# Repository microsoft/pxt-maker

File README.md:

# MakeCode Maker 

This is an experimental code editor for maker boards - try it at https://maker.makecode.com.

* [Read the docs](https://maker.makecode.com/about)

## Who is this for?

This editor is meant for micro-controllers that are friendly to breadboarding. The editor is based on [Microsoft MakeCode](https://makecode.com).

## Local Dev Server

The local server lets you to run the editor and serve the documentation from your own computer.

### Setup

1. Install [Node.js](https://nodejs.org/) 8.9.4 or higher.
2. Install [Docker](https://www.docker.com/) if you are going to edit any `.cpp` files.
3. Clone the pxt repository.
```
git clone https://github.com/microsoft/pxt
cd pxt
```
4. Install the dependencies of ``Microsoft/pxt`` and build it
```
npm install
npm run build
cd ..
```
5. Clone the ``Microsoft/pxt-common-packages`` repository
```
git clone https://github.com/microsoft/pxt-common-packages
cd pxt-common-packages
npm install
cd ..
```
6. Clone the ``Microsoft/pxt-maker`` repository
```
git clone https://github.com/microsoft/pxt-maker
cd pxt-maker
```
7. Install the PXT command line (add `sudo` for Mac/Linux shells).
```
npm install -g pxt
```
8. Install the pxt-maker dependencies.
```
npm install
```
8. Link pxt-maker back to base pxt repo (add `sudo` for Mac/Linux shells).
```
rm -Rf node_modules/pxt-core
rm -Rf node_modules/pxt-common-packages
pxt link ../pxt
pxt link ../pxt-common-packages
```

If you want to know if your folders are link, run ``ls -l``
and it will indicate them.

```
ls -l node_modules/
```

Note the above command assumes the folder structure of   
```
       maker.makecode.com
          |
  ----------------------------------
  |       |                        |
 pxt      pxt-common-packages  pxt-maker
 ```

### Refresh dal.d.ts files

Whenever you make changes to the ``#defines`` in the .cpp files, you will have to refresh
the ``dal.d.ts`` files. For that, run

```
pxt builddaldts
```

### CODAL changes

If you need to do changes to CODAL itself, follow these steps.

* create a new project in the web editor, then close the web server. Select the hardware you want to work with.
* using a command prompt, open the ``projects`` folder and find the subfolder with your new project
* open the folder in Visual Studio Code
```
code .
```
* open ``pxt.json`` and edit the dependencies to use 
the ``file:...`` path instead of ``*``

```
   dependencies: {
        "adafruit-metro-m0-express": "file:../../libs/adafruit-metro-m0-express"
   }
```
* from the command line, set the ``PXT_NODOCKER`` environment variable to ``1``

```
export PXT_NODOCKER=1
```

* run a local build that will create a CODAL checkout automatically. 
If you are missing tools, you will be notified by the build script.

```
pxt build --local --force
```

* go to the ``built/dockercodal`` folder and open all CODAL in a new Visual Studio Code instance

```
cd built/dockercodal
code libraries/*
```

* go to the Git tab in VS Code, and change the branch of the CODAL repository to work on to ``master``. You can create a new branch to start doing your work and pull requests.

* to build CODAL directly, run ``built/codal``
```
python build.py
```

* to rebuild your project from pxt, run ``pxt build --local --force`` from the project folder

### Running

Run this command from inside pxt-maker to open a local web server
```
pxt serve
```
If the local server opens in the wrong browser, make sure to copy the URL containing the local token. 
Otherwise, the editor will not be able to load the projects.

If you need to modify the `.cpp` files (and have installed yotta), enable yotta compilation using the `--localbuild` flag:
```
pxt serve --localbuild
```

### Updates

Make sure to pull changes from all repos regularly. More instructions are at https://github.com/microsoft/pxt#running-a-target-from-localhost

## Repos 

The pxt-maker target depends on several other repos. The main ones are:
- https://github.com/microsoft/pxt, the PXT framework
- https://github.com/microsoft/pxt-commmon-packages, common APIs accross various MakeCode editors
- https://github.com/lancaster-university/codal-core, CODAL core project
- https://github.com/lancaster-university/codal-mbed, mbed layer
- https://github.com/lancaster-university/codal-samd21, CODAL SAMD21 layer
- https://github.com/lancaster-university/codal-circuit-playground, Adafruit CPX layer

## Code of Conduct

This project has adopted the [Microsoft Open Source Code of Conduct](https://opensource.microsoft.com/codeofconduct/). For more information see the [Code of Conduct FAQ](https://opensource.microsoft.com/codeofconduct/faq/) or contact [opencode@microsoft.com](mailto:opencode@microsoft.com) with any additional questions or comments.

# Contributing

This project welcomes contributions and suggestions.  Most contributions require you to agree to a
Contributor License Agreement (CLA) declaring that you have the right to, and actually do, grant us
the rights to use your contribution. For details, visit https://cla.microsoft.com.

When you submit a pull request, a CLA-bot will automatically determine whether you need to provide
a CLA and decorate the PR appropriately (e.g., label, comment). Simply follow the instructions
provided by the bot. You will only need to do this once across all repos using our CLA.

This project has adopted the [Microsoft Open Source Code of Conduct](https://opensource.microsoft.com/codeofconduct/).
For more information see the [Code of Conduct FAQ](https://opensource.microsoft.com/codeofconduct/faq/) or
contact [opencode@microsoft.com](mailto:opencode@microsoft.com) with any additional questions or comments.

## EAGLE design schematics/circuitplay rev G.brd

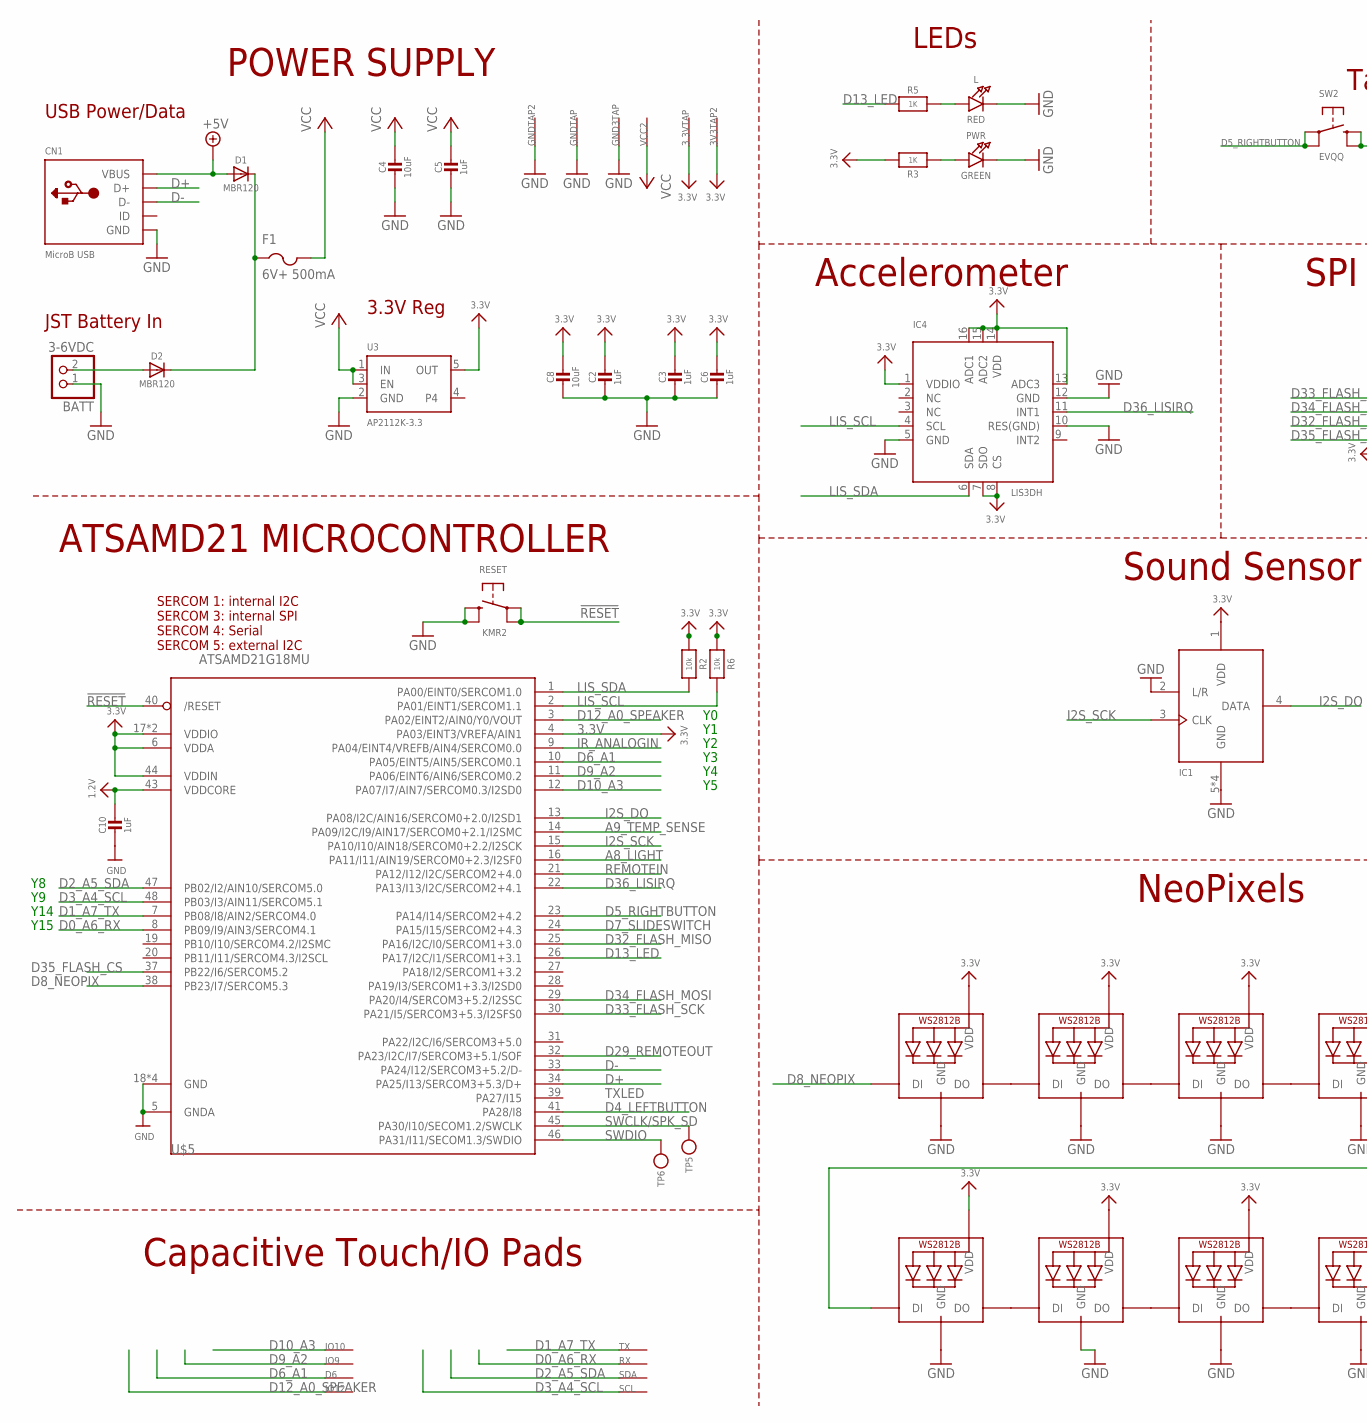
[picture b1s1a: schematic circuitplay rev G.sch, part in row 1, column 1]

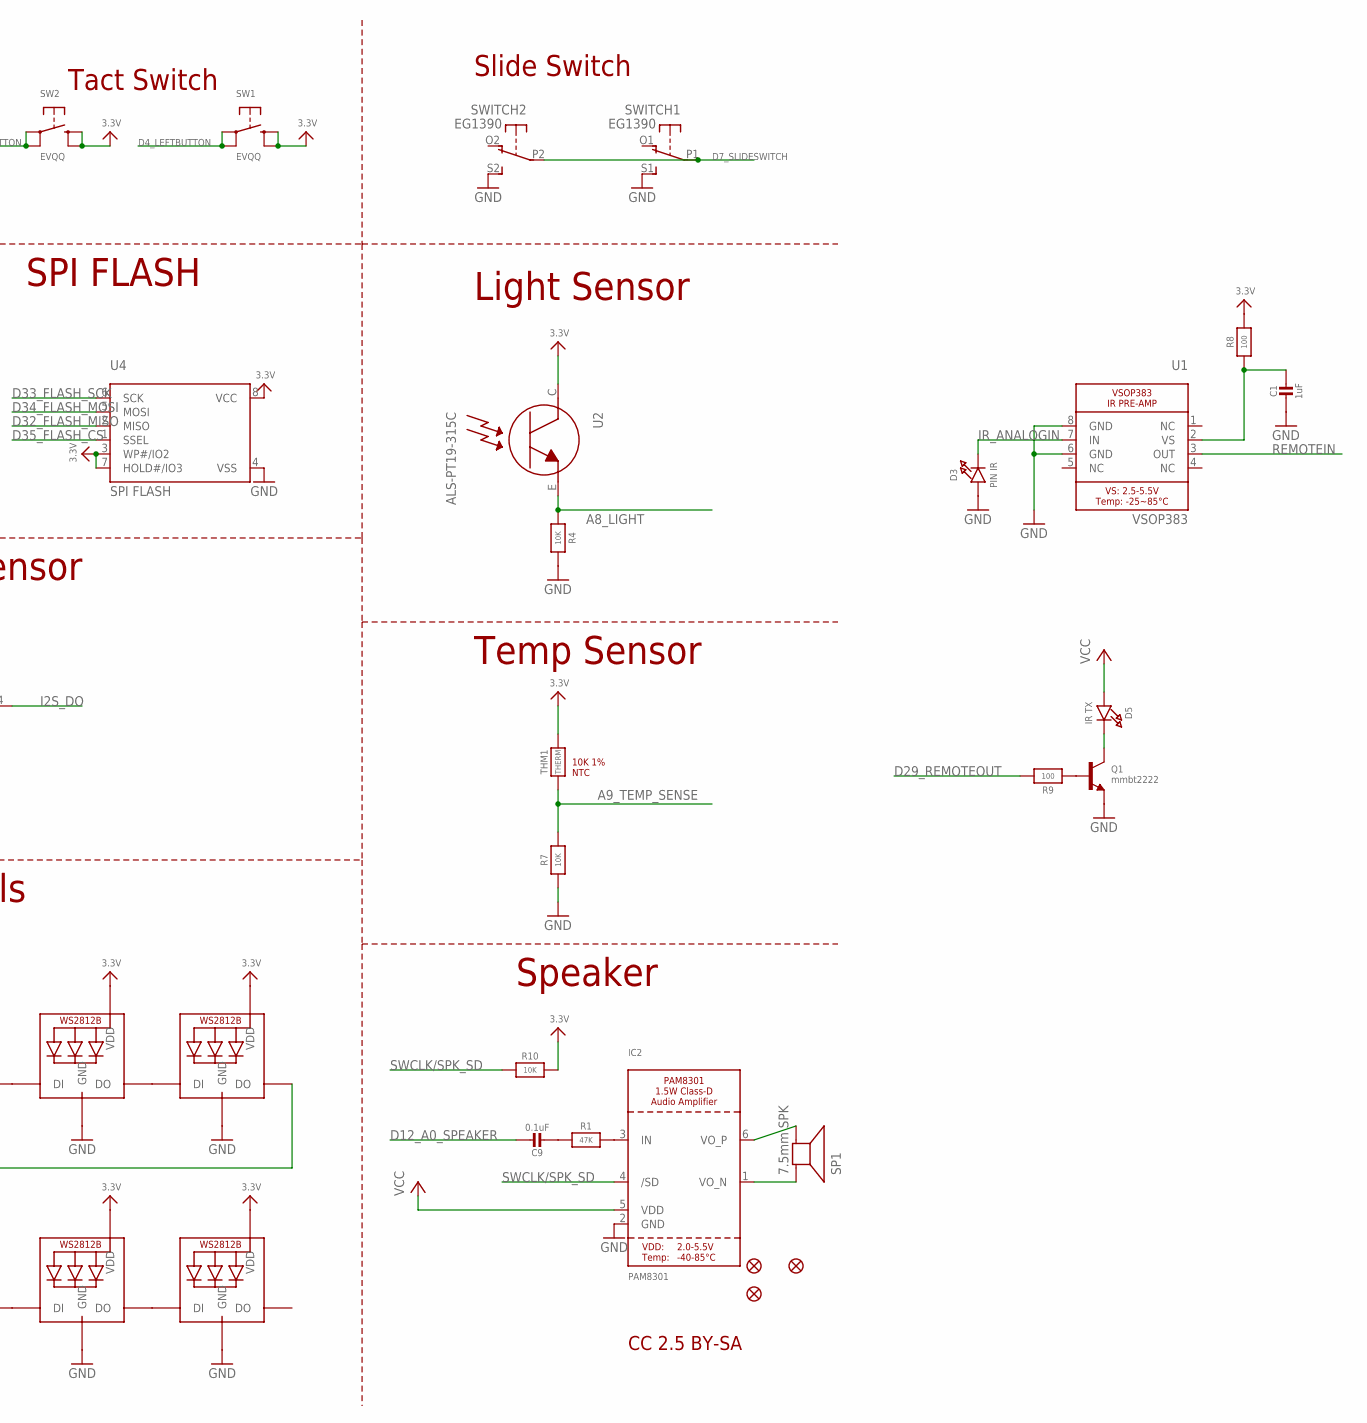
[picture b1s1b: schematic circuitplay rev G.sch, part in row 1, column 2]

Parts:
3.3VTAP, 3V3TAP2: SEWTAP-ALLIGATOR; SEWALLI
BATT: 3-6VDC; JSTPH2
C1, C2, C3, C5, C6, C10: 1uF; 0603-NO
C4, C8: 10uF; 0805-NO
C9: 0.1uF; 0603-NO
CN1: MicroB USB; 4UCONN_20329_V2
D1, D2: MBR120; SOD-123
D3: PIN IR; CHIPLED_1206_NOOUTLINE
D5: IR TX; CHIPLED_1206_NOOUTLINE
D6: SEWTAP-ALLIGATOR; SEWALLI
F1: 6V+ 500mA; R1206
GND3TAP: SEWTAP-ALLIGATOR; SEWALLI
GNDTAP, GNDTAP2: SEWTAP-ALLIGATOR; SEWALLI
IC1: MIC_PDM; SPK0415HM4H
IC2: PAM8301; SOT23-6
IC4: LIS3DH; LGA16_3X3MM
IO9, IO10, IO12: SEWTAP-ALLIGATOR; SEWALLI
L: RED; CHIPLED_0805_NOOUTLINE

* Work task:
Each line of the entries above that contains "circuitplay" must be copied into the answer.

* Expected answer:
## EAGLE design schematics/circuitplay rev G.brd
[picture b1s1a: schematic circuitplay rev G.sch, part in row 1, column 1]
[picture b1s1b: schematic circuitplay rev G.sch, part in row 1, column 2]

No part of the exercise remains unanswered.